Wróćmy jednak do Szczęsnego.

Sytuacja Polaka jest trudna, bowiem początkowo niepewny Inaki Pena rozkręca się z każdym meczem i teraz jawi się jako stosunkowo pewny punkt drużyny. A już na pewno jako golkiper skrojony pod styl gry ekipy trenera Hansiego Flicka. Pojawiły się więc głosy, że szansa dla debiut dla naszego bramkarza może nadejść dopiero w nowym roku, w meczu Pucharu Króla, gdy okazję do zaprezentowania swoich umiejętności otrzymuje wielu młodych zawodników oraz rezerwowych. Wszystko ze względu na poziom rywali występujących na niskim szczeblu rozgrywkowym.

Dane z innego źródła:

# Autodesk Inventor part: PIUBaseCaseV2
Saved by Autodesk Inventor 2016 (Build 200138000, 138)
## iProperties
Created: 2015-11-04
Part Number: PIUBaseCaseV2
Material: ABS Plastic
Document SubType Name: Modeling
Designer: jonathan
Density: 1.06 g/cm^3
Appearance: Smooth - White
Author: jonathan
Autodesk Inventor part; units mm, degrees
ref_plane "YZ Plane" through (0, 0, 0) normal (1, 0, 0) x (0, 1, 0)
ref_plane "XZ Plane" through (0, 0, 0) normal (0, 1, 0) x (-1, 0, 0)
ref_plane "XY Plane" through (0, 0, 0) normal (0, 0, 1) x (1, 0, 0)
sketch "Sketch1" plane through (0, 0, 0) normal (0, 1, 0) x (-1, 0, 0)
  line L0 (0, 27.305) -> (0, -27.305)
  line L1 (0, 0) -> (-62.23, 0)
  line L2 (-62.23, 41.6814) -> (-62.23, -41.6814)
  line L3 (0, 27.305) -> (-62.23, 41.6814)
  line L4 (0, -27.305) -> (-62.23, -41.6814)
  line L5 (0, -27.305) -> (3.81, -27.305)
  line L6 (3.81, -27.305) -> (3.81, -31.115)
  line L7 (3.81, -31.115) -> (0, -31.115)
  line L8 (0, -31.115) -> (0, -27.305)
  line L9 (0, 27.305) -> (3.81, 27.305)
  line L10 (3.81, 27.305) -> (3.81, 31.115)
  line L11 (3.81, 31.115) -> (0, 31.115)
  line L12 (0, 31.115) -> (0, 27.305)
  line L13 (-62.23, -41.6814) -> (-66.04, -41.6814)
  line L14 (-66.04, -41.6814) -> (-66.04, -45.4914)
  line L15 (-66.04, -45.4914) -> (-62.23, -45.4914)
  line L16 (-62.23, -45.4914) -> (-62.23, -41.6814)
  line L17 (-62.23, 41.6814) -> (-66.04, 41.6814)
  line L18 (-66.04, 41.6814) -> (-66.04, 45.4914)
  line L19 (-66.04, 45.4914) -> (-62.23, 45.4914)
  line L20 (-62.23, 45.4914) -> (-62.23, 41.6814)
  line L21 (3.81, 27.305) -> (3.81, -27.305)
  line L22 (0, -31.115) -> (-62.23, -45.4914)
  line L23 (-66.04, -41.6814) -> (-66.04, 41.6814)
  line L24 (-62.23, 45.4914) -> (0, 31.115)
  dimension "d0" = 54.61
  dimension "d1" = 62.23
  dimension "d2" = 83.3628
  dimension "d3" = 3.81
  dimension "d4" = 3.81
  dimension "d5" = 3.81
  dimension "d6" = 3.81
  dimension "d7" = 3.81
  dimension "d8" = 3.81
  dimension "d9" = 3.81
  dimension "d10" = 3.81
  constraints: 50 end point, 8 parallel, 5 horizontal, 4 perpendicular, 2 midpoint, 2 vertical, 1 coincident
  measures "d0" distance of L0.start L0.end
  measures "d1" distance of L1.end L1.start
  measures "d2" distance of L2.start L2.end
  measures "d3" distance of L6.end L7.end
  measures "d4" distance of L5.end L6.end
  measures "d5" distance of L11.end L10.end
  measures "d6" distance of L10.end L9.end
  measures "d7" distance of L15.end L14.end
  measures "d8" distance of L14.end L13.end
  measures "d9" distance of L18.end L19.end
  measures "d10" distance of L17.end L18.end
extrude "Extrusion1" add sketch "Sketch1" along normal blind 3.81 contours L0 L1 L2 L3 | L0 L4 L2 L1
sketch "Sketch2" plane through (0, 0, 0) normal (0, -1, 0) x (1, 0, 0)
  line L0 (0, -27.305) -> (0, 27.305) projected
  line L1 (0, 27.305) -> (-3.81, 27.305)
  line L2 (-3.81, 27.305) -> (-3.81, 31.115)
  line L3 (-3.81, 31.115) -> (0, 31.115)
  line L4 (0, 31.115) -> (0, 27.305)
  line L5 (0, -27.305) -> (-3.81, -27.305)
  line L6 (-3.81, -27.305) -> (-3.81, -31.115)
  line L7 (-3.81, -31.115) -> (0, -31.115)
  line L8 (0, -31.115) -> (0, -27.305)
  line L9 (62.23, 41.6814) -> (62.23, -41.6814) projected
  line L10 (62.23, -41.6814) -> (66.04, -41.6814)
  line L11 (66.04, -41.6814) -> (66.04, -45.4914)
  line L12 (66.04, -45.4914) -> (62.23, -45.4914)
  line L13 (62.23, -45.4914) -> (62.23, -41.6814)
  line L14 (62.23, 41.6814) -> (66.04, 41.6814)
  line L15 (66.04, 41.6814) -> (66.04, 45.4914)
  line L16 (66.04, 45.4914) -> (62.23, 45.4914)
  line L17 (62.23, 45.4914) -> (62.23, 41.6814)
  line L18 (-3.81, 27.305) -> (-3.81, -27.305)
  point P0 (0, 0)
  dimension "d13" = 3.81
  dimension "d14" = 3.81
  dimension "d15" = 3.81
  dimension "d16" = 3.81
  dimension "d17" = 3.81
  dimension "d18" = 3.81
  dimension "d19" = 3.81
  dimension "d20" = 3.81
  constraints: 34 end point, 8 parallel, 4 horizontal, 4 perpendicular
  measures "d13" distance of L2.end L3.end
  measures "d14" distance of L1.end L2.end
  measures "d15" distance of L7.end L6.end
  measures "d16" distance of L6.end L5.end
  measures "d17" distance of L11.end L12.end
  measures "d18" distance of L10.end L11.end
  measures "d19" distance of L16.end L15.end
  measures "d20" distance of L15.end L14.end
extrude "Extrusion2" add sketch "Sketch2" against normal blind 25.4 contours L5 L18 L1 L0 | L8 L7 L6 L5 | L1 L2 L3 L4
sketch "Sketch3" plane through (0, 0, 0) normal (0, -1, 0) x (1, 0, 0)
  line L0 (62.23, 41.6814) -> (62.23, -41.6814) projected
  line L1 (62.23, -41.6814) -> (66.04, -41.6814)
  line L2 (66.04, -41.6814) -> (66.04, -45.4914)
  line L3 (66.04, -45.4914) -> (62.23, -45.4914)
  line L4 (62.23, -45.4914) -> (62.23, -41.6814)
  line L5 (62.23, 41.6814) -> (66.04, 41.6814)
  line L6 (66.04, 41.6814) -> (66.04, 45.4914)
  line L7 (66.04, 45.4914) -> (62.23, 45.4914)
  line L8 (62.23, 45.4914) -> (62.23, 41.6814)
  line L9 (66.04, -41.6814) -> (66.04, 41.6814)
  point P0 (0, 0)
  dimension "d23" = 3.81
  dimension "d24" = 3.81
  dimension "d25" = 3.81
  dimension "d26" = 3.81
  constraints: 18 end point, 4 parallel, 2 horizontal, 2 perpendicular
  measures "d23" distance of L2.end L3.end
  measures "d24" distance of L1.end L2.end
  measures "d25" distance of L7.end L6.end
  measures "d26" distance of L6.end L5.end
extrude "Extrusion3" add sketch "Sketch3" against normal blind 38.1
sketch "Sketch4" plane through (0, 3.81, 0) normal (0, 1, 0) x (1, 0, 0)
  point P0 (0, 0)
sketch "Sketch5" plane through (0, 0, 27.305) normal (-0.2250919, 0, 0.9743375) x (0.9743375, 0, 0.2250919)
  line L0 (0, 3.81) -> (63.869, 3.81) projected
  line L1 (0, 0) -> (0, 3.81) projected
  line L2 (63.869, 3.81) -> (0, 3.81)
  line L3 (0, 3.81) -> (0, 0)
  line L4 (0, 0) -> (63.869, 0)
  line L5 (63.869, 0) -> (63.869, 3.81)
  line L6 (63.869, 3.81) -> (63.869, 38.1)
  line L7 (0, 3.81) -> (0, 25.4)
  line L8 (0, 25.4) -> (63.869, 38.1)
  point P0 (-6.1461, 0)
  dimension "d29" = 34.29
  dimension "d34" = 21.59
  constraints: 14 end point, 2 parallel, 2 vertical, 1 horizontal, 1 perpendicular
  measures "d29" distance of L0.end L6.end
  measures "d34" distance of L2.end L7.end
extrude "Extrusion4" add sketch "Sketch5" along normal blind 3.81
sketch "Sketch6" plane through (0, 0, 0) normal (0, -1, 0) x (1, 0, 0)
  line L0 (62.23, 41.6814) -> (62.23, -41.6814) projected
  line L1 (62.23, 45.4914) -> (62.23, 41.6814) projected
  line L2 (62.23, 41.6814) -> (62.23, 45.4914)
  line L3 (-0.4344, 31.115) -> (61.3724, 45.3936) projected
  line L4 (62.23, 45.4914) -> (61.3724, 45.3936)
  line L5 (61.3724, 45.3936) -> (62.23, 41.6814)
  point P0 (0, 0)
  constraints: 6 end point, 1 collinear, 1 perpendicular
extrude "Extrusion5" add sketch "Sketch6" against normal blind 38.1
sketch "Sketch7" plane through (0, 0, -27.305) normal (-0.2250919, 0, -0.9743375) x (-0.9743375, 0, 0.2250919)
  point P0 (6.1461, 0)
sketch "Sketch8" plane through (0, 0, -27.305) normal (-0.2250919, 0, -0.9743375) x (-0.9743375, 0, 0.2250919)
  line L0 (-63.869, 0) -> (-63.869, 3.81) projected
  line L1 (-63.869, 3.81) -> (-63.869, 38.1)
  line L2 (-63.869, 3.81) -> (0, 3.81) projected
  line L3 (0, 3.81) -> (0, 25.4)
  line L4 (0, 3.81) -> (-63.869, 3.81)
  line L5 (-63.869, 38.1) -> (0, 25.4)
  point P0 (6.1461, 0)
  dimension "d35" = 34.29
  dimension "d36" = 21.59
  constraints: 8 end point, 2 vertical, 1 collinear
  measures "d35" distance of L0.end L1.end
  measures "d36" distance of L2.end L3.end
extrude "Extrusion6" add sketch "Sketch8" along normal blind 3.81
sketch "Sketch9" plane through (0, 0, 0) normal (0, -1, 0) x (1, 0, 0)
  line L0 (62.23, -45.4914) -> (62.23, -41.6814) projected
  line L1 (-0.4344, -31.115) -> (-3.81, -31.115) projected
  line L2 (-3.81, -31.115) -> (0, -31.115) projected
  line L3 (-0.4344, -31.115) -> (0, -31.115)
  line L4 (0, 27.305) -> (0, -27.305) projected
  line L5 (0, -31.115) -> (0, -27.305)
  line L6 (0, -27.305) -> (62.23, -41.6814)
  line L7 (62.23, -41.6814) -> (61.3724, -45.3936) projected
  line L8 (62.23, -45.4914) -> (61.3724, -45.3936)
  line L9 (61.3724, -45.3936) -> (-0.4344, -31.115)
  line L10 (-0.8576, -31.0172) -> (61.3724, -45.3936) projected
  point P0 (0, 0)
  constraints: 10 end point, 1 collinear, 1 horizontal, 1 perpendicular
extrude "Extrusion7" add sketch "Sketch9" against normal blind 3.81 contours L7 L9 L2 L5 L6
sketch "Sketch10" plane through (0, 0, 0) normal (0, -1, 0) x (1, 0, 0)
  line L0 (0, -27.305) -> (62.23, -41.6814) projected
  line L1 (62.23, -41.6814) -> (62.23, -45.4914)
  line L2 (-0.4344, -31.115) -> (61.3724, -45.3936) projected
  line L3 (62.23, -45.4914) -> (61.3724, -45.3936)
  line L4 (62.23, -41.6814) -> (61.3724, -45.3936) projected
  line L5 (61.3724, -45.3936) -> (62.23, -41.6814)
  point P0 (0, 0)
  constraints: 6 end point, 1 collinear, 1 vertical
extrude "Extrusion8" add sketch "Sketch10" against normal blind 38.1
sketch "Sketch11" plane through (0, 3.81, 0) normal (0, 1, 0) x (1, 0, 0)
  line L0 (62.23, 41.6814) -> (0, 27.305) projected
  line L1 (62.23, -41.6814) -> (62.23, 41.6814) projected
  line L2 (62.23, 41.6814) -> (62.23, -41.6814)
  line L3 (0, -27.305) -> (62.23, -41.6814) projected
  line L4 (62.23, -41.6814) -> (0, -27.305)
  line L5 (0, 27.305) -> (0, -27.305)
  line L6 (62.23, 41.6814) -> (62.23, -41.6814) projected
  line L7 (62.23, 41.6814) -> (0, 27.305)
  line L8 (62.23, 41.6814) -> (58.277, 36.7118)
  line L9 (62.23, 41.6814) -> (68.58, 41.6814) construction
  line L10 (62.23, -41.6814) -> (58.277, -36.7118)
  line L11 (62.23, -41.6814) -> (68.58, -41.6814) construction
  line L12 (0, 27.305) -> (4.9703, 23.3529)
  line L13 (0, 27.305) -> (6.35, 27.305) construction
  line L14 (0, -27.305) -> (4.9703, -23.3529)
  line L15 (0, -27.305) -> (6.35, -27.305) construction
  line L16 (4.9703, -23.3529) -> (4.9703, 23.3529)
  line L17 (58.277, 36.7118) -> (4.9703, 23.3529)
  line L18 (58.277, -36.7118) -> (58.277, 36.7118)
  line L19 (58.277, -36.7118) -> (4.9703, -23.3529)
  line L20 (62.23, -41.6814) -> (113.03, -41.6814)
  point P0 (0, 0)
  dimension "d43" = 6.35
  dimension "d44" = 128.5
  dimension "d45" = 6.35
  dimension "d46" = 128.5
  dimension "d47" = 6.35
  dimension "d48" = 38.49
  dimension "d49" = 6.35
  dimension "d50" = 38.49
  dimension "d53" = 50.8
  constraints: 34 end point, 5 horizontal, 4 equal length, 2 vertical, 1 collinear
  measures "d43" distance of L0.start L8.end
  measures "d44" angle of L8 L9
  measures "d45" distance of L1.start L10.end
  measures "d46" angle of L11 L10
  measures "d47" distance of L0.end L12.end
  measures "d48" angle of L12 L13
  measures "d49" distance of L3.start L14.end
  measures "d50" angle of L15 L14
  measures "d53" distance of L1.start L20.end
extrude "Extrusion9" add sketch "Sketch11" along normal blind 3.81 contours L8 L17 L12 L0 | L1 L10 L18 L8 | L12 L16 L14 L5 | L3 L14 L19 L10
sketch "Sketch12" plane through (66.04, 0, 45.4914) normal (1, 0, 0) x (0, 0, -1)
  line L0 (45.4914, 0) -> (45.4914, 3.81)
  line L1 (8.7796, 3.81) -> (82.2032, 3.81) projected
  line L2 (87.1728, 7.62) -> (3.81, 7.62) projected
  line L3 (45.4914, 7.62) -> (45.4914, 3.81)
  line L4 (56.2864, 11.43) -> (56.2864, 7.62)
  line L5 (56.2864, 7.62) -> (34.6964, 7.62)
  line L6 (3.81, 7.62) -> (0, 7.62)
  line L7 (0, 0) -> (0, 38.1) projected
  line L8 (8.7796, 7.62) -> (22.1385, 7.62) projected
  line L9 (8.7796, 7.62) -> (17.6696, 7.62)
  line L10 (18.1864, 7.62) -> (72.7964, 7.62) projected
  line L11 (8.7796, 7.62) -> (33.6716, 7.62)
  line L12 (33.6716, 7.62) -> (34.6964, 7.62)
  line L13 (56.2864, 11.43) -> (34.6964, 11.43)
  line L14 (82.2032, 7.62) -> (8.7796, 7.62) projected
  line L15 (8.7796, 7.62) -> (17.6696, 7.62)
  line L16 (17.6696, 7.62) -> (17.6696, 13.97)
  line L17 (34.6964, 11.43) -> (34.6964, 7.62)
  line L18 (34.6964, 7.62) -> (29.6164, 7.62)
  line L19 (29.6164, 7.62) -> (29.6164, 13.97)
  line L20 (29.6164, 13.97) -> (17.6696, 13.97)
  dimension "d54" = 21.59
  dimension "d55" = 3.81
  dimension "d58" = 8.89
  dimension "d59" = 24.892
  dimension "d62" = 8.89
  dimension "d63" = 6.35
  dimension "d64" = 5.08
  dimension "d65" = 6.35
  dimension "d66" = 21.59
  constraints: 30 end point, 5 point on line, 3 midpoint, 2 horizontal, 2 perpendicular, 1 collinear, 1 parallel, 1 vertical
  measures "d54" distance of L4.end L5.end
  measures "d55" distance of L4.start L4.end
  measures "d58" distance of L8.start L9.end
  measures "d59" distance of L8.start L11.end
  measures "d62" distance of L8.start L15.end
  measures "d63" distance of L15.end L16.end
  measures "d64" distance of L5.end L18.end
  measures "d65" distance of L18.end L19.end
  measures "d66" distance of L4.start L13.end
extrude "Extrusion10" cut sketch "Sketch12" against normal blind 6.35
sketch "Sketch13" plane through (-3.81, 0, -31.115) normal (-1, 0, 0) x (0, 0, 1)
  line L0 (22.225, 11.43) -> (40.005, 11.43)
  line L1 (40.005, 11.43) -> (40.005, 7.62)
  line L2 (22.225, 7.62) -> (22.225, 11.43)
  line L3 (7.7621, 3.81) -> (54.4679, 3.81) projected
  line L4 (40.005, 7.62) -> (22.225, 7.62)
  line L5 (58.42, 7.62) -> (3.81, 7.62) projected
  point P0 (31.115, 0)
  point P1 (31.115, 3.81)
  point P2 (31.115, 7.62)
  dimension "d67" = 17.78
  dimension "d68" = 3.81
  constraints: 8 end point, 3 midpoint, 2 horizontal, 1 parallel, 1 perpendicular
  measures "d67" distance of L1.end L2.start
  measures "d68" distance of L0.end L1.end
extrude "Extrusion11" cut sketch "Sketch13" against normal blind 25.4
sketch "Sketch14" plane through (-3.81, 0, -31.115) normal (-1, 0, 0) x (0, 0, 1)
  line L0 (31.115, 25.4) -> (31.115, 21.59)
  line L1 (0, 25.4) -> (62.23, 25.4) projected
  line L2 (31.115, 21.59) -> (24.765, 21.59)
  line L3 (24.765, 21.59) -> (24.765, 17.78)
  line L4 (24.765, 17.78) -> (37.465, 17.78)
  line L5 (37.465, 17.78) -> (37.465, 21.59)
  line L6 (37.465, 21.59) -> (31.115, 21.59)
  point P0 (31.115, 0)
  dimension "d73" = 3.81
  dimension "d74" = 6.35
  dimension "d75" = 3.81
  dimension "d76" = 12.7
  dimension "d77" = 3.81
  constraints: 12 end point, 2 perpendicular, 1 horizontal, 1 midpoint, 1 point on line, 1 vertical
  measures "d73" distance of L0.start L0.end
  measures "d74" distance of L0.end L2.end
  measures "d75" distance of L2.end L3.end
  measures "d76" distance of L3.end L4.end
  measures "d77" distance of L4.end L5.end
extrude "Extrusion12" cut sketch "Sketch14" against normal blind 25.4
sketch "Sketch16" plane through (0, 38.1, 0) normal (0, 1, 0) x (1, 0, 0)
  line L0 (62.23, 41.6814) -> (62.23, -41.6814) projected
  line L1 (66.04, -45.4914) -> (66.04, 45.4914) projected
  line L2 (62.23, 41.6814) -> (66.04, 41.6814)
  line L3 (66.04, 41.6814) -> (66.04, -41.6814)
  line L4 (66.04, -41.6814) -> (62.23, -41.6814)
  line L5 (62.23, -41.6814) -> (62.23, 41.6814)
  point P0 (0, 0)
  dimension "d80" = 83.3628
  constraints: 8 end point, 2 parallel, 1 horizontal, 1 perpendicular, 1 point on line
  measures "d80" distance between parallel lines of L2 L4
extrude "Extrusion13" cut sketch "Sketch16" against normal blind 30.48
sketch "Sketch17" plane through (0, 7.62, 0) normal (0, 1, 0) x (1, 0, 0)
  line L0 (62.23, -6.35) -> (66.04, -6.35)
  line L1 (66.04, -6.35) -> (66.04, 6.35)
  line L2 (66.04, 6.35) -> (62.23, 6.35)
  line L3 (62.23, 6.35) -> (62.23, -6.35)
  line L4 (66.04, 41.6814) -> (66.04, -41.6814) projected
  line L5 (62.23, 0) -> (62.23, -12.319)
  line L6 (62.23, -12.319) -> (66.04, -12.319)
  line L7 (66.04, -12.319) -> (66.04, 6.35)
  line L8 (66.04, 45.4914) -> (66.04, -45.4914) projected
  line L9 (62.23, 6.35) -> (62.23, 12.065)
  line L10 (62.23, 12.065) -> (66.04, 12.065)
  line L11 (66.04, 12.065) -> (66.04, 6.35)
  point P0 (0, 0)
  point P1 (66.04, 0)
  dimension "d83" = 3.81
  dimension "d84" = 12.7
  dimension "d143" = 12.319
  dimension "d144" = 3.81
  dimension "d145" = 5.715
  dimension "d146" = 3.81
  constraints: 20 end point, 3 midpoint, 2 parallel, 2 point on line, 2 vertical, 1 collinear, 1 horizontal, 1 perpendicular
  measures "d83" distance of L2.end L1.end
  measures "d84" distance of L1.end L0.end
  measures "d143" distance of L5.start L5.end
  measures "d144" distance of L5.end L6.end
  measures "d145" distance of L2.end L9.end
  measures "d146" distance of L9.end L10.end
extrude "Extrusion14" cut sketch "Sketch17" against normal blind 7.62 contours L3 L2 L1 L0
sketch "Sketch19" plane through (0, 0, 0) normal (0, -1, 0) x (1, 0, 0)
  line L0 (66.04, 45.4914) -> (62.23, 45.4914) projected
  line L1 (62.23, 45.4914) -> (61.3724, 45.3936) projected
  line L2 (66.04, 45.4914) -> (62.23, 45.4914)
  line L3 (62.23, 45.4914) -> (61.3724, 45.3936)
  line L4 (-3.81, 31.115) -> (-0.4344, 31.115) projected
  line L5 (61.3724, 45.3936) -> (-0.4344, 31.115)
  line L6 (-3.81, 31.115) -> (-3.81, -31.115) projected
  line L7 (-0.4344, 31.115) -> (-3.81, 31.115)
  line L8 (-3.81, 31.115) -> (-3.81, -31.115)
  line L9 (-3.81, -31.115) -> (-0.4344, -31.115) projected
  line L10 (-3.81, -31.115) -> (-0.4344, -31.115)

FC Barcelona. Szczęsny z debiutem w Pucharze Króla? Pojawił się ostry protest

I tu dochodzimy do protestu, który padł w sprawie Polaka. Xavier Bosch - uznany dziennikarz "Mundo Deportivo" - na łamach wspomnianej gazety zaapelował, by bramkarz klasy Wojciecha Szczęsnego nie debiutował w FC Barcelona w takich okolicznościach. A przedstawiając swój punkt widzenia, użył mocnych słów i obrazu przemawiającego do wyobraźni.

Nadszedł czas, aby dać Szczęsnemu mecz, w którym będzie mógł zmierzyć się z grą w FC Barcelona, rozgrywkami La Liga, a nawet hiszpańskimi sędziami. Z pewnością mecz u siebie z Las Palmas, byłby dobrą okazją do jego debiutu. W ten sposób w Barcelonie byliby przygotowani na każdą okoliczność.

~ napisał Xavier Bosch zaznaczając, jak ważne dla bramkarza specyfiki danego obiektu

I dodał: - To, czego nie można zrozumieć, to fakt, że mający taki prestiż bramkarz, który wykonuje swój "ostatni taniec" w Barcelonie, miałby zadebiutować na niewielkim, drugorzędnym boisku ze sztuczną murawą, podczas rozgrywanego przy chłodnej aurze meczu Pucharu Króla. To nie byłoby lekceważenie, ale zabranie go do rzeźni. A im szybciej Polak się rozrusza, tym lepiej.

W najbliższy weekend podopiecznych trenera Hansiego Flicka czeka wspomniane starcie z Las Palmas. Mecz rozpocznie się w sobotę o godzinie 14.00 na Stadionie Olimpijskim w stolicy Katalonii. Już trzy dni później, we wtorek, FC Barcelona zmierzy się na wyjeździe z Mallorcą, a w przyszłą sobotę z Realem Betis. To będą więc niezwykle intensywne dni dla Roberta Lewandowskiego i spółki.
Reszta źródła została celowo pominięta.